▸ **Exercise aim**
Write out exactly the lines from the one containing "extrude(amount=BOSS_EXTRUDE1_DEPTH)" through the last line of the records below, including both.

▸ **Data extracts**
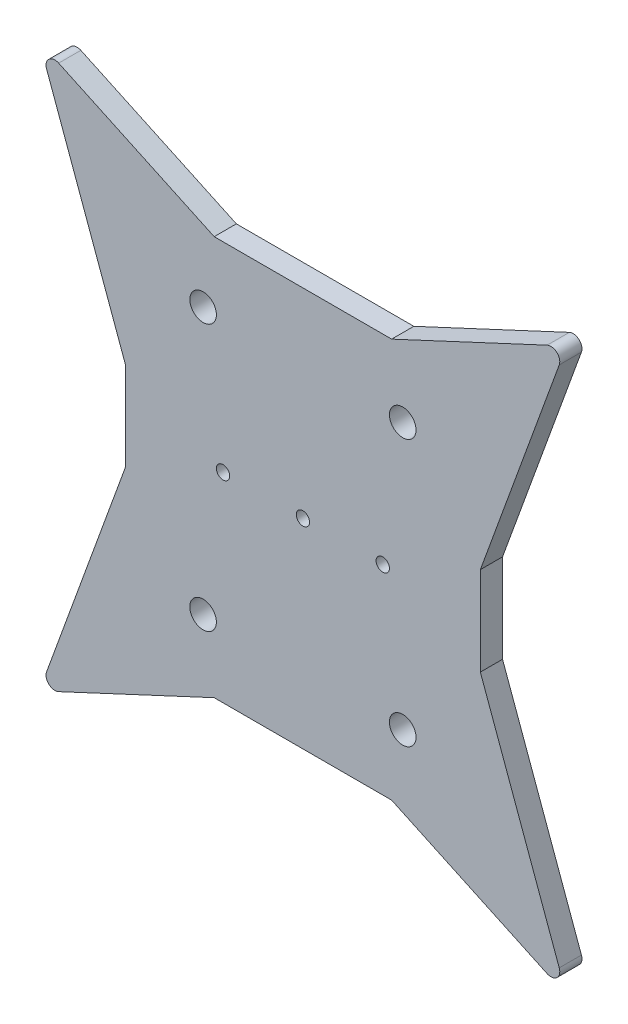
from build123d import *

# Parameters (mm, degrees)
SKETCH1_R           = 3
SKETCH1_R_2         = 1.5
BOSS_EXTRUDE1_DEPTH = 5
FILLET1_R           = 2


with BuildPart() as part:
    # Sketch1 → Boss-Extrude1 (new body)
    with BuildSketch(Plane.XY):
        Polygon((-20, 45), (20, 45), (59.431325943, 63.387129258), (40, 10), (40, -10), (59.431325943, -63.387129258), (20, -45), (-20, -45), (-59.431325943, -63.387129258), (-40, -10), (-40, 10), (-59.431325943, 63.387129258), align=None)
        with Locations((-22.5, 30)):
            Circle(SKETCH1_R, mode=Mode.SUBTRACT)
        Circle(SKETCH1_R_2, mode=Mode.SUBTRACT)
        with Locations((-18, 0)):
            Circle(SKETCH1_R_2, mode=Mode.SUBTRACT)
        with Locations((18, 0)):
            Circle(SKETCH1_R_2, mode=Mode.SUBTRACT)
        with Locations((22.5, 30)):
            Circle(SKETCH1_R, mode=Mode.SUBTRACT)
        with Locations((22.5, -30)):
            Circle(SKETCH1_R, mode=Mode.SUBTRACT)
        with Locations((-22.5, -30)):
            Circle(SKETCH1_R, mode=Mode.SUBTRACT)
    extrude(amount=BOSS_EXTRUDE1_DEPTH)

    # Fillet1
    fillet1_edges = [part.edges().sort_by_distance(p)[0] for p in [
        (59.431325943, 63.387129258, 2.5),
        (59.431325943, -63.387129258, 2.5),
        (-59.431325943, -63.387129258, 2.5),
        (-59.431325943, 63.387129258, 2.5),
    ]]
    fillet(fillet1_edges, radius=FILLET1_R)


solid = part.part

▸ **Expected answer**
    extrude(amount=BOSS_EXTRUDE1_DEPTH)

    # Fillet1
    fillet1_edges = [part.edges().sort_by_distance(p)[0] for p in [
        (59.431325943, 63.387129258, 2.5),
        (59.431325943, -63.387129258, 2.5),
        (-59.431325943, -63.387129258, 2.5),
        (-59.431325943, 63.387129258, 2.5),
    ]]
    fillet(fillet1_edges, radius=FILLET1_R)


solid = part.part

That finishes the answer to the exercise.